# All.n.One Loom



## Scrubbienut (Dec 26, 2011)

Soooo excited! Received my new loom from AKB. It's small gauge so now I can use regular worsted weight yarn for socks.....I have a ton in my stash. Starting off by doing a gauge swatch and then following along on Isela's SAL on the AKB blog. 
I had a thought that if the company would make extra slider pegs available you could do two socks at a time or little hats or whatever. Maybe they already have those? I emailed them with that question. 
Anyway, must go work on my swatch. Hope you all have a great day!


----------



## hoodedmaiden60 (Mar 16, 2011)

Awww thats awesome .. im glad ur haveing fun with ur loom.. someone mentions that hobby lobby is gonna sell them,, i hope to get one as soon as they open in my area Have a great time !


----------



## Mary Cardiff (Mar 18, 2012)

I am still waiting for my All in one loom, Had an e mail two weeks ago to say it had been shipped,I paid the highest rate of Postage,that cost as much as the loom,Iam getting a fed up waiting,The money went out of my account the day I ordered it and that was 3 weeks ago,


----------



## Scrubbienut (Dec 26, 2011)

Mary Cardiff said:


> I am still waiting for my All in one loom, Had an e mail two weeks ago to say it had been shipped,I paid the highest rate of Postage,that cost as much as the loom,Iam getting a fed up waiting,The money went out of my account the day I ordered it and that was 3 weeks ago,


Sorry to hear that, Mary. It's a really nice loom....once you finally get it, I think you will like it. It's so much easier to use, for me anyway. I can see it better than the adj sock loom with the tiny metal pags plus you can use worsted weight yarn.


----------



## lvsroses (Feb 21, 2012)

I would get in contact with your Postal Company and have them do a check.

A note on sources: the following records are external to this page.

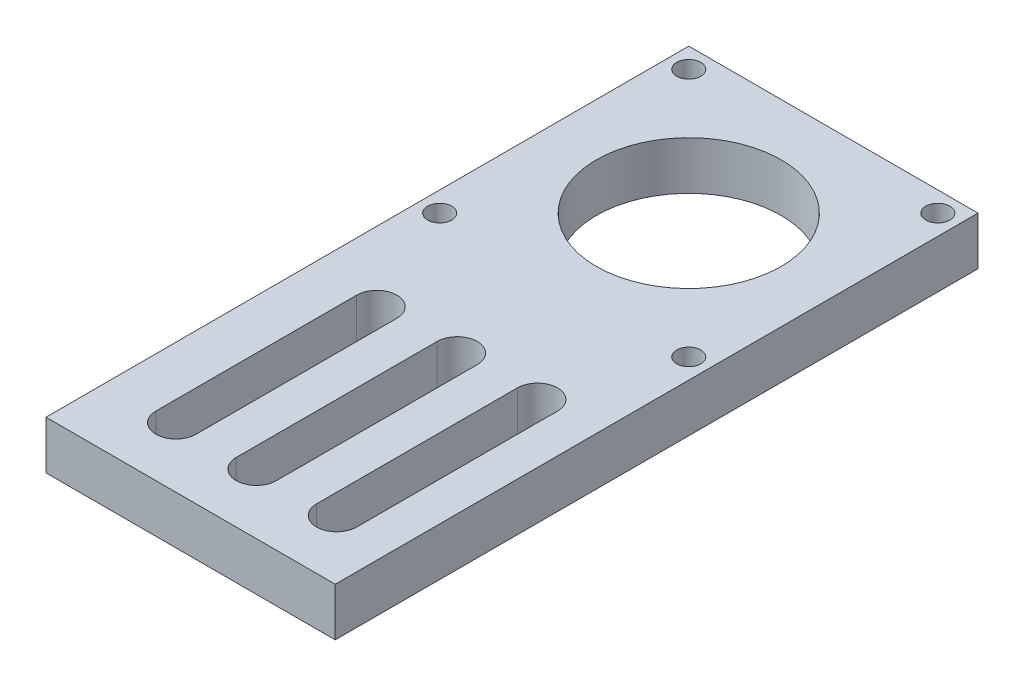
ISO-10303-21;
HEADER;
FILE_DESCRIPTION(('STEP AP214'),'2;1');
FILE_NAME('part.step','',(''),(''),'','','');
FILE_SCHEMA(('AUTOMOTIVE_DESIGN { 1 0 10303 214 1 1 1 1 }'));
ENDSEC;
DATA;
#1=APPLICATION_CONTEXT('core data for automotive mechanical design processes');
#2=APPLICATION_PROTOCOL_DEFINITION('international standard','automotive_design',2000,#1);
#3=PRODUCT_CONTEXT('',#1,'mechanical');
#4=PRODUCT('Part','Part','',(#3));
#5=PRODUCT_RELATED_PRODUCT_CATEGORY('part','',(#4));
#6=PRODUCT_DEFINITION_FORMATION('','',#4);
#7=PRODUCT_DEFINITION_CONTEXT('part definition',#1,'design');
#8=PRODUCT_DEFINITION('design','',#6,#7);
#9=PRODUCT_DEFINITION_SHAPE('','',#8);
#10=(LENGTH_UNIT() NAMED_UNIT(*) SI_UNIT(.MILLI.,.METRE.));
#11=(NAMED_UNIT(*) PLANE_ANGLE_UNIT() SI_UNIT($,.RADIAN.));
#12=(NAMED_UNIT(*) SI_UNIT($,.STERADIAN.) SOLID_ANGLE_UNIT());
#13=UNCERTAINTY_MEASURE_WITH_UNIT(LENGTH_MEASURE(1.E-05),#10,'distance_accuracy_value','');
#14=(GEOMETRIC_REPRESENTATION_CONTEXT(3) GLOBAL_UNCERTAINTY_ASSIGNED_CONTEXT((#13)) GLOBAL_UNIT_ASSIGNED_CONTEXT((#10,
#11,#12)) REPRESENTATION_CONTEXT('',''));
#15=CARTESIAN_POINT('',(0.,0.,0.));
#16=DIRECTION('',(0.,0.,1.));
#17=DIRECTION('',(1.,0.,0.));
#18=AXIS2_PLACEMENT_3D('',#15,#16,#17);
#19=CARTESIAN_POINT('',(0.,6.,0.));
#20=DIRECTION('',(0.,-1.,0.));
#21=DIRECTION('',(0.,0.,-1.));
#22=AXIS2_PLACEMENT_3D('',#19,#20,#21);
#23=PLANE('',#22);
#24=CARTESIAN_POINT('',(10.6727513266154,6.,7.5));
#25=DIRECTION('',(0.,1.,0.));
#26=DIRECTION('',(0.,0.,-1.));
#27=AXIS2_PLACEMENT_3D('',#24,#25,#26);
#28=CIRCLE('',#27,2.5);
#29=CARTESIAN_POINT('',(13.1727513266154,6.,7.5));
#30=VERTEX_POINT('',#29);
#31=CARTESIAN_POINT('',(8.17275132661536,6.,7.5));
#32=VERTEX_POINT('',#31);
#33=EDGE_CURVE('E181',#30,#32,#28,.T.);
#34=ORIENTED_EDGE('',*,*,#33,.F.);
#35=DIRECTION('',(0.,0.,-1.));
#36=VECTOR('',#35,1.);
#37=CARTESIAN_POINT('',(13.1727513266154,6.,32.5));
#38=LINE('',#37,#36);
#39=CARTESIAN_POINT('',(13.1727513266154,6.,32.5));
#40=VERTEX_POINT('',#39);
#41=EDGE_CURVE('E189',#40,#30,#38,.T.);
#42=ORIENTED_EDGE('',*,*,#41,.F.);
#43=CARTESIAN_POINT('',(10.6727513266154,6.,32.5));
#44=DIRECTION('',(0.,1.,0.));
#45=DIRECTION('',(0.,0.,1.));
#46=AXIS2_PLACEMENT_3D('',#43,#44,#45);
#47=CIRCLE('',#46,2.5);
#48=CARTESIAN_POINT('',(8.17275132661536,6.,32.5));
#49=VERTEX_POINT('',#48);
#50=EDGE_CURVE('E186',#49,#40,#47,.T.);
#51=ORIENTED_EDGE('',*,*,#50,.F.);
#52=DIRECTION('',(0.,0.,1.));
#53=VECTOR('',#52,1.);
#54=CARTESIAN_POINT('',(8.17275132661536,6.,32.5));
#55=LINE('',#54,#53);
#56=EDGE_CURVE('E183',#32,#49,#55,.T.);
#57=ORIENTED_EDGE('',*,*,#56,.F.);
#58=EDGE_LOOP('',(#34,#42,#51,#57));
#59=FACE_BOUND('',#58,.T.);
#60=CARTESIAN_POINT('',(-15.5,6.,-6.5));
#61=DIRECTION('',(0.,1.,0.));
#62=DIRECTION('',(0.,0.,1.));
#63=AXIS2_PLACEMENT_3D('',#60,#61,#62);
#64=CIRCLE('',#63,1.5);
#65=CARTESIAN_POINT('',(-15.5,6.,-5.));
#66=VERTEX_POINT('',#65);
#67=EDGE_CURVE('E243',#66,#66,#64,.T.);
#68=ORIENTED_EDGE('',*,*,#67,.F.);
#69=EDGE_LOOP('',(#68));
#70=FACE_BOUND('',#69,.T.);
#71=CARTESIAN_POINT('',(15.5,6.,-6.5));
#72=DIRECTION('',(0.,1.,0.));
#73=DIRECTION('',(0.,0.,1.));
#74=AXIS2_PLACEMENT_3D('',#71,#72,#73);
#75=CIRCLE('',#74,1.5);
#76=CARTESIAN_POINT('',(15.5,6.,-5.00000000000001));
#77=VERTEX_POINT('',#76);
#78=EDGE_CURVE('E249',#77,#77,#75,.T.);
#79=ORIENTED_EDGE('',*,*,#78,.F.);
#80=EDGE_LOOP('',(#79));
#81=FACE_BOUND('',#80,.T.);
#82=CARTESIAN_POINT('',(15.5,6.,-37.5));
#83=DIRECTION('',(0.,1.,0.));
#84=DIRECTION('',(0.,0.,1.));
#85=AXIS2_PLACEMENT_3D('',#82,#83,#84);
#86=CIRCLE('',#85,1.5);
#87=CARTESIAN_POINT('',(15.5,6.,-36.));
#88=VERTEX_POINT('',#87);
#89=EDGE_CURVE('E255',#88,#88,#86,.T.);
#90=ORIENTED_EDGE('',*,*,#89,.F.);
#91=EDGE_LOOP('',(#90));
#92=FACE_BOUND('',#91,.T.);
#93=CARTESIAN_POINT('',(-15.5,6.,-37.5));
#94=DIRECTION('',(0.,1.,0.));
#95=DIRECTION('',(0.,0.,1.));
#96=AXIS2_PLACEMENT_3D('',#93,#94,#95);
#97=CIRCLE('',#96,1.5);
#98=CARTESIAN_POINT('',(-15.5,6.,-36.));
#99=VERTEX_POINT('',#98);
#100=EDGE_CURVE('E261',#99,#99,#97,.T.);
#101=ORIENTED_EDGE('',*,*,#100,.F.);
#102=EDGE_LOOP('',(#101));
#103=FACE_BOUND('',#102,.T.);
#104=CARTESIAN_POINT('',(0.,6.,-22.));
#105=DIRECTION('',(0.,1.,0.));
#106=DIRECTION('',(0.,0.,1.));
#107=AXIS2_PLACEMENT_3D('',#104,#105,#106);
#108=CIRCLE('',#107,11.5);
#109=CARTESIAN_POINT('',(0.,6.,-10.5));
#110=VERTEX_POINT('',#109);
#111=EDGE_CURVE('E267',#110,#110,#108,.T.);
#112=ORIENTED_EDGE('',*,*,#111,.F.);
#113=EDGE_LOOP('',(#112));
#114=FACE_BOUND('',#113,.T.);
#115=DIRECTION('',(0.,0.,-1.));
#116=VECTOR('',#115,1.);
#117=CARTESIAN_POINT('',(18.,6.,40.));
#118=LINE('',#117,#116);
#119=CARTESIAN_POINT('',(18.,6.,40.));
#120=VERTEX_POINT('',#119);
#121=CARTESIAN_POINT('',(18.,6.,-40.));
#122=VERTEX_POINT('',#121);
#123=EDGE_CURVE('E273',#120,#122,#118,.T.);
#124=ORIENTED_EDGE('',*,*,#123,.T.);
#125=DIRECTION('',(-1.,0.,0.));
#126=VECTOR('',#125,1.);
#127=CARTESIAN_POINT('',(-18.,6.,-40.));
#128=LINE('',#127,#126);
#129=CARTESIAN_POINT('',(-18.,6.,-40.));
#130=VERTEX_POINT('',#129);
#131=EDGE_CURVE('E276',#122,#130,#128,.T.);
#132=ORIENTED_EDGE('',*,*,#131,.T.);
#133=DIRECTION('',(0.,0.,1.));
#134=VECTOR('',#133,1.);
#135=CARTESIAN_POINT('',(-18.,6.,40.));
#136=LINE('',#135,#134);
#137=CARTESIAN_POINT('',(-18.,6.,40.));
#138=VERTEX_POINT('',#137);
#139=EDGE_CURVE('E279',#130,#138,#136,.T.);
#140=ORIENTED_EDGE('',*,*,#139,.T.);
#141=DIRECTION('',(1.,0.,0.));
#142=VECTOR('',#141,1.);
#143=CARTESIAN_POINT('',(-18.,6.,40.));
#144=LINE('',#143,#142);
#145=EDGE_CURVE('E281',#138,#120,#144,.T.);
#146=ORIENTED_EDGE('',*,*,#145,.T.);
#147=EDGE_LOOP('',(#124,#132,#140,#146));
#148=FACE_BOUND('',#147,.T.);
#149=CARTESIAN_POINT('',(0.672751326615361,6.,7.5));
#150=DIRECTION('',(0.,1.,0.));
#151=DIRECTION('',(0.,0.,-1.));
#152=AXIS2_PLACEMENT_3D('',#149,#150,#151);
#153=CIRCLE('',#152,2.5);
#154=CARTESIAN_POINT('',(3.17275132661536,6.,7.5));
#155=VERTEX_POINT('',#154);
#156=CARTESIAN_POINT('',(-1.82724867338464,6.,7.5));
#157=VERTEX_POINT('',#156);
#158=EDGE_CURVE('E212',#155,#157,#153,.T.);
#159=ORIENTED_EDGE('',*,*,#158,.F.);
#160=DIRECTION('',(0.,0.,-1.));
#161=VECTOR('',#160,1.);
#162=CARTESIAN_POINT('',(3.17275132661536,6.,32.5));
#163=LINE('',#162,#161);
#164=CARTESIAN_POINT('',(3.17275132661536,6.,32.5));
#165=VERTEX_POINT('',#164);
#166=EDGE_CURVE('E220',#165,#155,#163,.T.);
#167=ORIENTED_EDGE('',*,*,#166,.F.);
#168=CARTESIAN_POINT('',(0.672751326615361,6.,32.5));
#169=DIRECTION('',(0.,1.,0.));
#170=DIRECTION('',(0.,0.,1.));
#171=AXIS2_PLACEMENT_3D('',#168,#169,#170);
#172=CIRCLE('',#171,2.5);
#173=CARTESIAN_POINT('',(-1.82724867338464,6.,32.5));
#174=VERTEX_POINT('',#173);
#175=EDGE_CURVE('E217',#174,#165,#172,.T.);
#176=ORIENTED_EDGE('',*,*,#175,.F.);
#177=DIRECTION('',(0.,0.,1.));
#178=VECTOR('',#177,1.);
#179=CARTESIAN_POINT('',(-1.82724867338464,6.,32.5));
#180=LINE('',#179,#178);
#181=EDGE_CURVE('E214',#157,#174,#180,.T.);
#182=ORIENTED_EDGE('',*,*,#181,.F.);
#183=EDGE_LOOP('',(#159,#167,#176,#182));
#184=FACE_BOUND('',#183,.T.);
#185=CARTESIAN_POINT('',(-9.32724867338463,6.,7.5));
#186=DIRECTION('',(0.,1.,0.));
#187=DIRECTION('',(0.,0.,-1.));
#188=AXIS2_PLACEMENT_3D('',#185,#186,#187);
#189=CIRCLE('',#188,2.5);
#190=CARTESIAN_POINT('',(-6.82724867338463,6.,7.5));
#191=VERTEX_POINT('',#190);
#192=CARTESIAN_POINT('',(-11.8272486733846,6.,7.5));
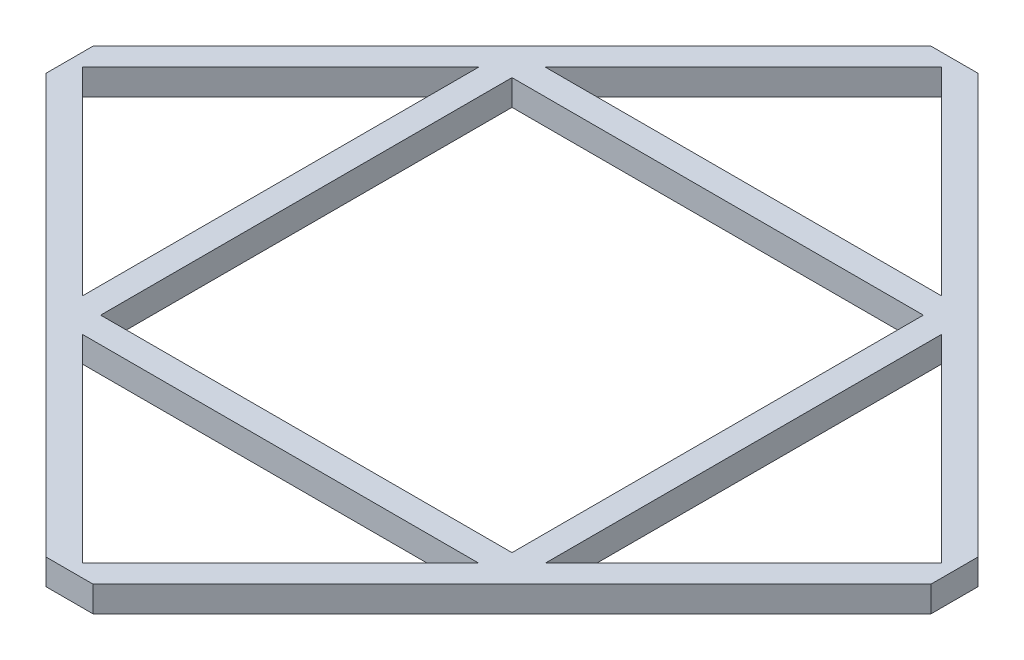
ISO-10303-21;
HEADER;
FILE_DESCRIPTION(('STEP AP214'),'2;1');
FILE_NAME('part.step','',(''),(''),'','','');
FILE_SCHEMA(('AUTOMOTIVE_DESIGN { 1 0 10303 214 1 1 1 1 }'));
ENDSEC;
DATA;
#1=APPLICATION_CONTEXT('core data for automotive mechanical design processes');
#2=APPLICATION_PROTOCOL_DEFINITION('international standard','automotive_design',2000,#1);
#3=PRODUCT_CONTEXT('',#1,'mechanical');
#4=PRODUCT('Part','Part','',(#3));
#5=PRODUCT_RELATED_PRODUCT_CATEGORY('part','',(#4));
#6=PRODUCT_DEFINITION_FORMATION('','',#4);
#7=PRODUCT_DEFINITION_CONTEXT('part definition',#1,'design');
#8=PRODUCT_DEFINITION('design','',#6,#7);
#9=PRODUCT_DEFINITION_SHAPE('','',#8);
#10=(LENGTH_UNIT() NAMED_UNIT(*) SI_UNIT(.MILLI.,.METRE.));
#11=(NAMED_UNIT(*) PLANE_ANGLE_UNIT() SI_UNIT($,.RADIAN.));
#12=(NAMED_UNIT(*) SI_UNIT($,.STERADIAN.) SOLID_ANGLE_UNIT());
#13=UNCERTAINTY_MEASURE_WITH_UNIT(LENGTH_MEASURE(1.E-05),#10,'distance_accuracy_value','');
#14=(GEOMETRIC_REPRESENTATION_CONTEXT(3) GLOBAL_UNCERTAINTY_ASSIGNED_CONTEXT((#13)) GLOBAL_UNIT_ASSIGNED_CONTEXT((#10,
#11,#12)) REPRESENTATION_CONTEXT('',''));
#15=CARTESIAN_POINT('',(0.,0.,0.));
#16=DIRECTION('',(0.,0.,1.));
#17=DIRECTION('',(1.,0.,0.));
#18=AXIS2_PLACEMENT_3D('',#15,#16,#17);
#19=CARTESIAN_POINT('',(-3618.34271247462,400.,-3618.34271247462));
#20=DIRECTION('',(-0.707106781186547,0.,-0.707106781186548));
#21=DIRECTION('',(-0.707106781186548,0.,0.707106781186547));
#22=AXIS2_PLACEMENT_3D('',#19,#20,#21);
#23=PLANE('',#22);
#24=DIRECTION('',(0.707106781186548,0.,-0.707106781186547));
#25=VECTOR('',#24,1.);
#26=CARTESIAN_POINT('',(-3618.34271247462,0.,-3618.34271247462));
#27=LINE('',#26,#25);
#28=CARTESIAN_POINT('',(-6871.,0.,-365.685424949239));
#29=VERTEX_POINT('',#28);
#30=CARTESIAN_POINT('',(-365.685424949248,0.,-6870.99999999999));
#31=VERTEX_POINT('',#30);
#32=EDGE_CURVE('E280',#29,#31,#27,.T.);
#33=ORIENTED_EDGE('',*,*,#32,.F.);
#34=DIRECTION('',(0.,-1.,0.));
#35=VECTOR('',#34,1.);
#36=CARTESIAN_POINT('',(-6871.,400.,-365.685424949239));
#37=LINE('',#36,#35);
#38=CARTESIAN_POINT('',(-6871.,400.,-365.685424949239));
#39=VERTEX_POINT('',#38);
#40=EDGE_CURVE('E11',#39,#29,#37,.T.);
#41=ORIENTED_EDGE('',*,*,#40,.F.);
#42=DIRECTION('',(0.707106781186548,0.,-0.707106781186547));
#43=VECTOR('',#42,1.);
#44=CARTESIAN_POINT('',(-3618.34271247462,400.,-3618.34271247462));
#45=LINE('',#44,#43);
#46=CARTESIAN_POINT('',(-365.685424949248,400.,-6870.99999999999));
#47=VERTEX_POINT('',#46);
#48=EDGE_CURVE('E474',#39,#47,#45,.T.);
#49=ORIENTED_EDGE('',*,*,#48,.T.);
#50=DIRECTION('',(0.,-1.,0.));
#51=VECTOR('',#50,1.);
#52=CARTESIAN_POINT('',(-365.685424949248,400.,-6870.99999999999));
#53=LINE('',#52,#51);
#54=EDGE_CURVE('E54',#47,#31,#53,.T.);
#55=ORIENTED_EDGE('',*,*,#54,.T.);
#56=EDGE_LOOP('',(#33,#41,#49,#55));
#57=FACE_BOUND('',#56,.T.);
#58=ADVANCED_FACE('F35',(#57),#23,.T.);
#59=CARTESIAN_POINT('',(-6871.,400.,1.66883159825324E-11));
#60=DIRECTION('',(1.,0.,0.));
#61=DIRECTION('',(0.,0.,-1.));
#62=AXIS2_PLACEMENT_3D('',#59,#60,#61);
#63=PLANE('',#62);
#64=DIRECTION('',(0.,0.,1.));
#65=VECTOR('',#64,1.);
#66=CARTESIAN_POINT('',(-6871.,0.,1.66883159825324E-11));
#67=LINE('',#66,#65);
#68=CARTESIAN_POINT('',(-6871.,0.,365.685424949242));
#69=VERTEX_POINT('',#68);
#70=EDGE_CURVE('E282',#29,#69,#67,.T.);
#71=ORIENTED_EDGE('',*,*,#70,.T.);
#72=DIRECTION('',(0.,-1.,0.));
#73=VECTOR('',#72,1.);
#74=CARTESIAN_POINT('',(-6871.,400.,365.685424949242));
#75=LINE('',#74,#73);
#76=CARTESIAN_POINT('',(-6871.,400.,365.685424949242));
#77=VERTEX_POINT('',#76);
#78=EDGE_CURVE('E45',#77,#69,#75,.T.);
#79=ORIENTED_EDGE('',*,*,#78,.F.);
#80=DIRECTION('',(0.,0.,1.));
#81=VECTOR('',#80,1.);
#82=CARTESIAN_POINT('',(-6871.,400.,1.66883159825324E-11));
#83=LINE('',#82,#81);
#84=EDGE_CURVE('E476',#39,#77,#83,.T.);
#85=ORIENTED_EDGE('',*,*,#84,.F.);
#86=ORIENTED_EDGE('',*,*,#40,.T.);
#87=EDGE_LOOP('',(#71,#79,#85,#86));
#88=FACE_BOUND('',#87,.T.);
#89=ADVANCED_FACE('F368',(#88),#63,.F.);
#90=CARTESIAN_POINT('',(-3618.34271247462,400.,3618.34271247462));
#91=DIRECTION('',(-0.707106781186548,0.,0.707106781186548));
#92=DIRECTION('',(0.707106781186548,0.,0.707106781186548));
#93=AXIS2_PLACEMENT_3D('',#90,#91,#92);
#94=PLANE('',#93);
#95=DIRECTION('',(-0.707106781186548,0.,-0.707106781186548));
#96=VECTOR('',#95,1.);
#97=CARTESIAN_POINT('',(-3618.34271247462,0.,3618.34271247462));
#98=LINE('',#97,#96);
#99=CARTESIAN_POINT('',(-365.685424949251,0.,6870.99999999999));
#100=VERTEX_POINT('',#99);
#101=EDGE_CURVE('E285',#100,#69,#98,.T.);
#102=ORIENTED_EDGE('',*,*,#101,.F.);
#103=DIRECTION('',(0.,-1.,0.));
#104=VECTOR('',#103,1.);
#105=CARTESIAN_POINT('',(-365.685424949251,400.,6870.99999999999));
#106=LINE('',#105,#104);
#107=CARTESIAN_POINT('',(-365.685424949251,400.,6870.99999999999));
#108=VERTEX_POINT('',#107);
#109=EDGE_CURVE('E308',#108,#100,#106,.T.);
#110=ORIENTED_EDGE('',*,*,#109,.F.);
#111=DIRECTION('',(-0.707106781186548,0.,-0.707106781186548));
#112=VECTOR('',#111,1.);
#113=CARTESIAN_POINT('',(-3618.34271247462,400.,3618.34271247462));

Could be some not so honest postman thought his wife might like a nice gift.


----------



## Mary Cardiff (Mar 18, 2012)

It could be your end,Getting no help fron KB,the link they give for tracking didnt work,I got a message there wasnt an order of that number,I have paid by Pay Pal so that will be safe,Tw0 years ago after I ordered something fron the USA someone tried to take money out of my bank account,When it happened a second time after an order from the USA I said I would never order fron there again,Thank goodness my bank stopped it in time and froze my account,


----------



## Mary Cardiff (Mar 18, 2012)

Just tried again,Tried to track My ALL in one loom,all I get back from KB is no such order number, I could scream,


----------



## lvsroses (Feb 21, 2012)

Good luck! I hope it comes soon.


----------



## Txstitcher (Feb 25, 2011)

That is strange you are having problems receiving your loom from them. They are usually very good with shipping and communication. I hope nothing got lost or something. I do hope you get it soon. It is a very nice loom. Is there any chance you have a slightly wrong number you are checking on? 


Mary Cardiff said:


> Just tried again,Tried to track My ALL in one loom,all I get back from KB is no such order number, I could scream,


----------



## Mary Cardiff (Mar 18, 2012)

Its the right number,that is its the one they gave me in a E mail,


----------



## Mary Cardiff (Mar 18, 2012)

This one of the messages I get


----------



## Txstitcher (Feb 25, 2011)

Oh, I have had that problem with a different company for something. Sometimes it isn't set up right for us to actually track it. Unless you have actually subscribed with the company. I didn't subscribe to them, and have gotten the same type of message before. You can email the loom company to see if they have an idea of the where abouts. But I would allow 4-6 weeks for delivery. I really believe you will get your loom. Sorry it seems like forever getting it.


----------



## Mary Cardiff (Mar 18, 2012)

I would feel so much better, if they would reply to one of my e mails,


----------



## Mary Cardiff (Mar 18, 2012)

Just phoned Pay Pal,They could get my money back today,Said I didnt want that,I thoufgt if Pay Pal e mailed them they would reply,


----------



## coffeejo (Feb 6, 2012)

Hey there, Look on your postage receipt and check for the tracking number. You can go online with your postal company and track to see where it's at!


----------



## Mary Cardiff (Mar 18, 2012)

Had 3 e mails form KB this evening,I had been given the wrong tracking number,But they tracked for me and it arrived at Customs in the Uk on the may the 8th,should be able to tell me more tomorrow, Alls well that end well,


----------



## coffeejo (Feb 6, 2012)

OMG, LOL, you can start a story with everwhere it went! so glad it worker out for you!!!


----------



## Mary Cardiff (Mar 18, 2012)

At last found how to track my Loom,It left Customs UK today,should have it by the weekend,Must keep my finger of the wool/yarn I bought today


----------



## coffeejo (Feb 6, 2012)

That's so cool looking, did you use a sock loom or just a round loom? I haven't been brave enough to try sock's yet! LOL


----------



## Mary Cardiff (Mar 18, 2012)

I did it on a round 24 peg loom,The other sock the red stripe goes down not around,The yarn is called Paintbox.Bought some more today got 2 balls Start eack sock with a new ball,That way there should match,not the same colour, this is shades of brown,Any yarn over I will make a child hat,


----------



## lvsroses (Feb 21, 2012)

Good for you! Happy looming!


----------